[[ Data shown open ]]

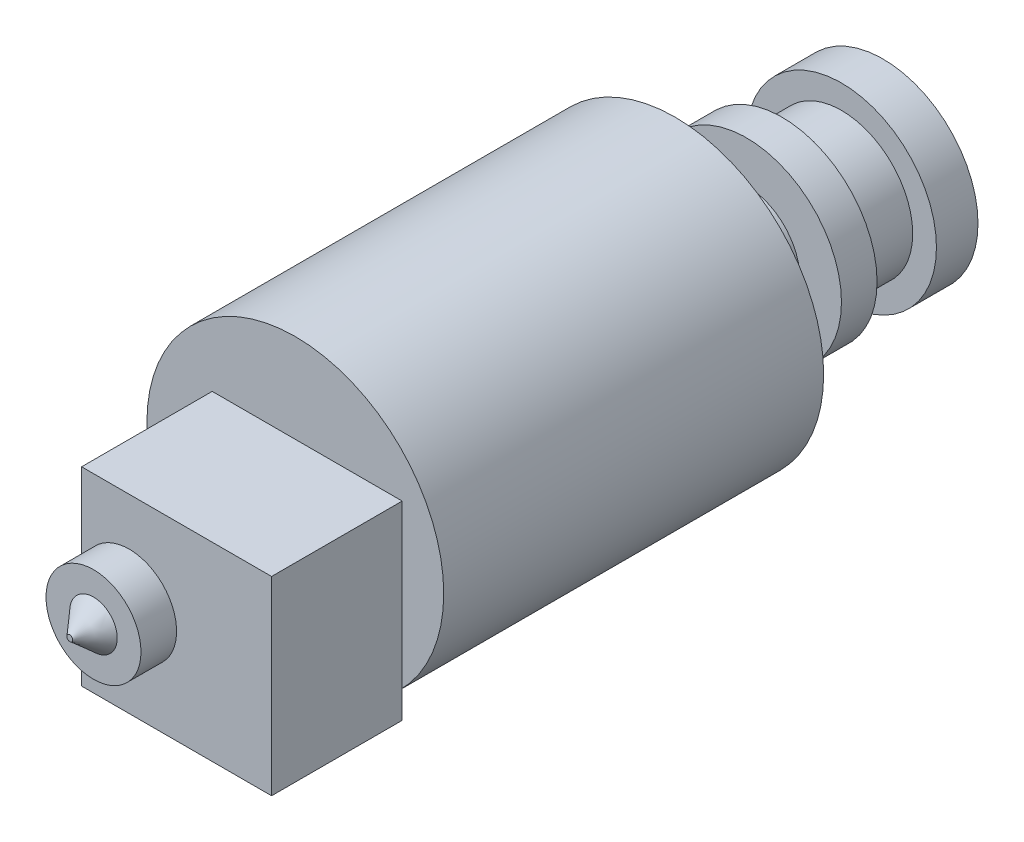
ISO-10303-21;
HEADER;
FILE_DESCRIPTION(('STEP AP214'),'2;1');
FILE_NAME('part.step','',(''),(''),'','','');
FILE_SCHEMA(('AUTOMOTIVE_DESIGN { 1 0 10303 214 1 1 1 1 }'));
ENDSEC;
DATA;
#1=APPLICATION_CONTEXT('core data for automotive mechanical design processes');
#2=APPLICATION_PROTOCOL_DEFINITION('international standard','automotive_design',2000,#1);
#3=PRODUCT_CONTEXT('',#1,'mechanical');
#4=PRODUCT('Part','Part','',(#3));
#5=PRODUCT_RELATED_PRODUCT_CATEGORY('part','',(#4));
#6=PRODUCT_DEFINITION_FORMATION('','',#4);
#7=PRODUCT_DEFINITION_CONTEXT('part definition',#1,'design');
#8=PRODUCT_DEFINITION('design','',#6,#7);
#9=PRODUCT_DEFINITION_SHAPE('','',#8);
#10=(LENGTH_UNIT() NAMED_UNIT(*) SI_UNIT(.MILLI.,.METRE.));
#11=(NAMED_UNIT(*) PLANE_ANGLE_UNIT() SI_UNIT($,.RADIAN.));
#12=(NAMED_UNIT(*) SI_UNIT($,.STERADIAN.) SOLID_ANGLE_UNIT());
#13=UNCERTAINTY_MEASURE_WITH_UNIT(LENGTH_MEASURE(1.E-05),#10,'distance_accuracy_value','');
#14=(GEOMETRIC_REPRESENTATION_CONTEXT(3) GLOBAL_UNCERTAINTY_ASSIGNED_CONTEXT((#13)) GLOBAL_UNIT_ASSIGNED_CONTEXT((#10,
#11,#12)) REPRESENTATION_CONTEXT('',''));
#15=CARTESIAN_POINT('',(0.,0.,0.));
#16=DIRECTION('',(0.,0.,1.));
#17=DIRECTION('',(1.,0.,0.));
#18=AXIS2_PLACEMENT_3D('',#15,#16,#17);
#19=CARTESIAN_POINT('',(0.,0.,66.5));
#20=DIRECTION('',(0.,0.,1.));
#21=DIRECTION('',(1.,0.,0.));
#22=AXIS2_PLACEMENT_3D('',#19,#20,#21);
#23=PLANE('',#22);
#24=CARTESIAN_POINT('',(0.,0.,66.5));
#25=DIRECTION('',(0.,0.,1.));
#26=DIRECTION('',(1.,0.,0.));
#27=AXIS2_PLACEMENT_3D('',#24,#25,#26);
#28=CIRCLE('',#27,4.);
#29=CARTESIAN_POINT('',(4.,0.,66.5));
#30=VERTEX_POINT('',#29);
#31=EDGE_CURVE('E110',#30,#30,#28,.T.);
#32=ORIENTED_EDGE('',*,*,#31,.T.);
#33=EDGE_LOOP('',(#32));
#34=FACE_BOUND('',#33,.T.);
#35=CARTESIAN_POINT('',(0.,0.,66.5));
#36=DIRECTION('',(0.,0.,1.));
#37=DIRECTION('',(1.,0.,0.));
#38=AXIS2_PLACEMENT_3D('',#35,#36,#37);
#39=CIRCLE('',#38,2.);
#40=CARTESIAN_POINT('',(-1.91917894483876,-0.562807407278518,66.5));
#41=VERTEX_POINT('',#40);
#42=EDGE_CURVE('E428',#41,#41,#39,.T.);
#43=ORIENTED_EDGE('',*,*,#42,.F.);
#44=EDGE_LOOP('',(#43));
#45=FACE_BOUND('',#44,.T.);
#46=ADVANCED_FACE('F37',(#34,#45),#23,.T.);
#47=CARTESIAN_POINT('',(0.,0.,3.5));
#48=DIRECTION('',(0.,0.,-1.));
#49=DIRECTION('',(-1.,0.,0.));
#50=AXIS2_PLACEMENT_3D('',#47,#48,#49);
#51=CYLINDRICAL_SURFACE('',#50,8.);
#52=CARTESIAN_POINT('',(0.,0.,3.5));
#53=DIRECTION('',(0.,0.,1.));
#54=DIRECTION('',(1.,0.,0.));
#55=AXIS2_PLACEMENT_3D('',#52,#53,#54);
#56=CIRCLE('',#55,8.);
#57=CARTESIAN_POINT('',(8.,0.,3.5));
#58=VERTEX_POINT('',#57);
#59=EDGE_CURVE('E12',#58,#58,#56,.T.);
#60=ORIENTED_EDGE('',*,*,#59,.F.);
#61=EDGE_LOOP('',(#60));
#62=FACE_BOUND('',#61,.T.);
#63=CARTESIAN_POINT('',(0.,0.,0.));
#64=DIRECTION('',(0.,0.,1.));
#65=DIRECTION('',(1.,0.,0.));
#66=AXIS2_PLACEMENT_3D('',#63,#64,#65);
#67=CIRCLE('',#66,8.);
#68=CARTESIAN_POINT('',(8.,0.,0.));
#69=VERTEX_POINT('',#68);
#70=EDGE_CURVE('E41',#69,#69,#67,.T.);
#71=ORIENTED_EDGE('',*,*,#70,.T.);
#72=EDGE_LOOP('',(#71));
#73=FACE_BOUND('',#72,.T.);
#74=ADVANCED_FACE('F39',(#62,#73),#51,.T.);
#75=CARTESIAN_POINT('',(0.,0.,3.5));
#76=DIRECTION('',(0.,0.,1.));
#77=DIRECTION('',(1.,0.,0.));
#78=AXIS2_PLACEMENT_3D('',#75,#76,#77);
#79=PLANE('',#78);
#80=CARTESIAN_POINT('',(0.,0.,3.5));
#81=DIRECTION('',(0.,0.,1.));
#82=DIRECTION('',(1.,0.,0.));
#83=AXIS2_PLACEMENT_3D('',#80,#81,#82);
#84=CIRCLE('',#83,6.);
#85=CARTESIAN_POINT('',(6.,0.,3.5));
#86=VERTEX_POINT('',#85);
#87=EDGE_CURVE('E142',#86,#86,#84,.T.);
#88=ORIENTED_EDGE('',*,*,#87,.F.);
#89=EDGE_LOOP('',(#88));
#90=FACE_BOUND('',#89,.T.);
#91=ORIENTED_EDGE('',*,*,#59,.T.);
#92=EDGE_LOOP('',(#91));
#93=FACE_BOUND('',#92,.T.);
#94=ADVANCED_FACE('F153',(#90,#93),#79,.T.);
#95=CARTESIAN_POINT('',(0.,0.,0.));
#96=DIRECTION('',(0.,0.,1.));
#97=DIRECTION('',(1.,0.,0.));
#98=AXIS2_PLACEMENT_3D('',#95,#96,#97);
#99=PLANE('',#98);
#100=CARTESIAN_POINT('',(0.,0.,0.));
#101=DIRECTION('',(0.,0.,-1.));
#102=DIRECTION('',(-1.,0.,0.));
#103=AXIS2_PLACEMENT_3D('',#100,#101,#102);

[[ Data shown closed ]]

- **Task objective**: From the first line to the last, restate the entries exactly, without pictures.

- **Result of the task**:
ISO-10303-21;
HEADER;
FILE_DESCRIPTION(('STEP AP214'),'2;1');
FILE_NAME('part.step','',(''),(''),'','','');
FILE_SCHEMA(('AUTOMOTIVE_DESIGN { 1 0 10303 214 1 1 1 1 }'));
ENDSEC;
DATA;
#1=APPLICATION_CONTEXT('core data for automotive mechanical design processes');
#2=APPLICATION_PROTOCOL_DEFINITION('international standard','automotive_design',2000,#1);
#3=PRODUCT_CONTEXT('',#1,'mechanical');
#4=PRODUCT('Part','Part','',(#3));
#5=PRODUCT_RELATED_PRODUCT_CATEGORY('part','',(#4));
#6=PRODUCT_DEFINITION_FORMATION('','',#4);
#7=PRODUCT_DEFINITION_CONTEXT('part definition',#1,'design');
#8=PRODUCT_DEFINITION('design','',#6,#7);
#9=PRODUCT_DEFINITION_SHAPE('','',#8);
#10=(LENGTH_UNIT() NAMED_UNIT(*) SI_UNIT(.MILLI.,.METRE.));
#11=(NAMED_UNIT(*) PLANE_ANGLE_UNIT() SI_UNIT($,.RADIAN.));
#12=(NAMED_UNIT(*) SI_UNIT($,.STERADIAN.) SOLID_ANGLE_UNIT());
#13=UNCERTAINTY_MEASURE_WITH_UNIT(LENGTH_MEASURE(1.E-05),#10,'distance_accuracy_value','');
#14=(GEOMETRIC_REPRESENTATION_CONTEXT(3) GLOBAL_UNCERTAINTY_ASSIGNED_CONTEXT((#13)) GLOBAL_UNIT_ASSIGNED_CONTEXT((#10,
#11,#12)) REPRESENTATION_CONTEXT('',''));
#15=CARTESIAN_POINT('',(0.,0.,0.));
#16=DIRECTION('',(0.,0.,1.));
#17=DIRECTION('',(1.,0.,0.));
#18=AXIS2_PLACEMENT_3D('',#15,#16,#17);
#19=CARTESIAN_POINT('',(0.,0.,66.5));
#20=DIRECTION('',(0.,0.,1.));
#21=DIRECTION('',(1.,0.,0.));
#22=AXIS2_PLACEMENT_3D('',#19,#20,#21);
#23=PLANE('',#22);
#24=CARTESIAN_POINT('',(0.,0.,66.5));
#25=DIRECTION('',(0.,0.,1.));
#26=DIRECTION('',(1.,0.,0.));
#27=AXIS2_PLACEMENT_3D('',#24,#25,#26);
#28=CIRCLE('',#27,4.);
#29=CARTESIAN_POINT('',(4.,0.,66.5));
#30=VERTEX_POINT('',#29);
#31=EDGE_CURVE('E110',#30,#30,#28,.T.);
#32=ORIENTED_EDGE('',*,*,#31,.T.);
#33=EDGE_LOOP('',(#32));
#34=FACE_BOUND('',#33,.T.);
#35=CARTESIAN_POINT('',(0.,0.,66.5));
#36=DIRECTION('',(0.,0.,1.));
#37=DIRECTION('',(1.,0.,0.));
#38=AXIS2_PLACEMENT_3D('',#35,#36,#37);
#39=CIRCLE('',#38,2.);
#40=CARTESIAN_POINT('',(-1.91917894483876,-0.562807407278518,66.5));
#41=VERTEX_POINT('',#40);
#42=EDGE_CURVE('E428',#41,#41,#39,.T.);
#43=ORIENTED_EDGE('',*,*,#42,.F.);
#44=EDGE_LOOP('',(#43));
#45=FACE_BOUND('',#44,.T.);
#46=ADVANCED_FACE('F37',(#34,#45),#23,.T.);
#47=CARTESIAN_POINT('',(0.,0.,3.5));
#48=DIRECTION('',(0.,0.,-1.));
#49=DIRECTION('',(-1.,0.,0.));
#50=AXIS2_PLACEMENT_3D('',#47,#48,#49);
#51=CYLINDRICAL_SURFACE('',#50,8.);
#52=CARTESIAN_POINT('',(0.,0.,3.5));
#53=DIRECTION('',(0.,0.,1.));
#54=DIRECTION('',(1.,0.,0.));
#55=AXIS2_PLACEMENT_3D('',#52,#53,#54);
#56=CIRCLE('',#55,8.);
#57=CARTESIAN_POINT('',(8.,0.,3.5));
#58=VERTEX_POINT('',#57);
#59=EDGE_CURVE('E12',#58,#58,#56,.T.);
#60=ORIENTED_EDGE('',*,*,#59,.F.);
#61=EDGE_LOOP('',(#60));
#62=FACE_BOUND('',#61,.T.);
#63=CARTESIAN_POINT('',(0.,0.,0.));
#64=DIRECTION('',(0.,0.,1.));
#65=DIRECTION('',(1.,0.,0.));
#66=AXIS2_PLACEMENT_3D('',#63,#64,#65);
#67=CIRCLE('',#66,8.);
#68=CARTESIAN_POINT('',(8.,0.,0.));
#69=VERTEX_POINT('',#68);
#70=EDGE_CURVE('E41',#69,#69,#67,.T.);
#71=ORIENTED_EDGE('',*,*,#70,.T.);
#72=EDGE_LOOP('',(#71));
#73=FACE_BOUND('',#72,.T.);
#74=ADVANCED_FACE('F39',(#62,#73),#51,.T.);
#75=CARTESIAN_POINT('',(0.,0.,3.5));
#76=DIRECTION('',(0.,0.,1.));
#77=DIRECTION('',(1.,0.,0.));
#78=AXIS2_PLACEMENT_3D('',#75,#76,#77);
#79=PLANE('',#78);
#80=CARTESIAN_POINT('',(0.,0.,3.5));
#81=DIRECTION('',(0.,0.,1.));
#82=DIRECTION('',(1.,0.,0.));
#83=AXIS2_PLACEMENT_3D('',#80,#81,#82);
#84=CIRCLE('',#83,6.);
#85=CARTESIAN_POINT('',(6.,0.,3.5));
#86=VERTEX_POINT('',#85);
#87=EDGE_CURVE('E142',#86,#86,#84,.T.);
#88=ORIENTED_EDGE('',*,*,#87,.F.);
#89=EDGE_LOOP('',(#88));
#90=FACE_BOUND('',#89,.T.);
#91=ORIENTED_EDGE('',*,*,#59,.T.);
#92=EDGE_LOOP('',(#91));
#93=FACE_BOUND('',#92,.T.);
#94=ADVANCED_FACE('F153',(#90,#93),#79,.T.);
#95=CARTESIAN_POINT('',(0.,0.,0.));
#96=DIRECTION('',(0.,0.,1.));
#97=DIRECTION('',(1.,0.,0.));
#98=AXIS2_PLACEMENT_3D('',#95,#96,#97);
#99=PLANE('',#98);
#100=CARTESIAN_POINT('',(0.,0.,0.));
#101=DIRECTION('',(0.,0.,-1.));
#102=DIRECTION('',(-1.,0.,0.));
#103=AXIS2_PLACEMENT_3D('',#100,#101,#102);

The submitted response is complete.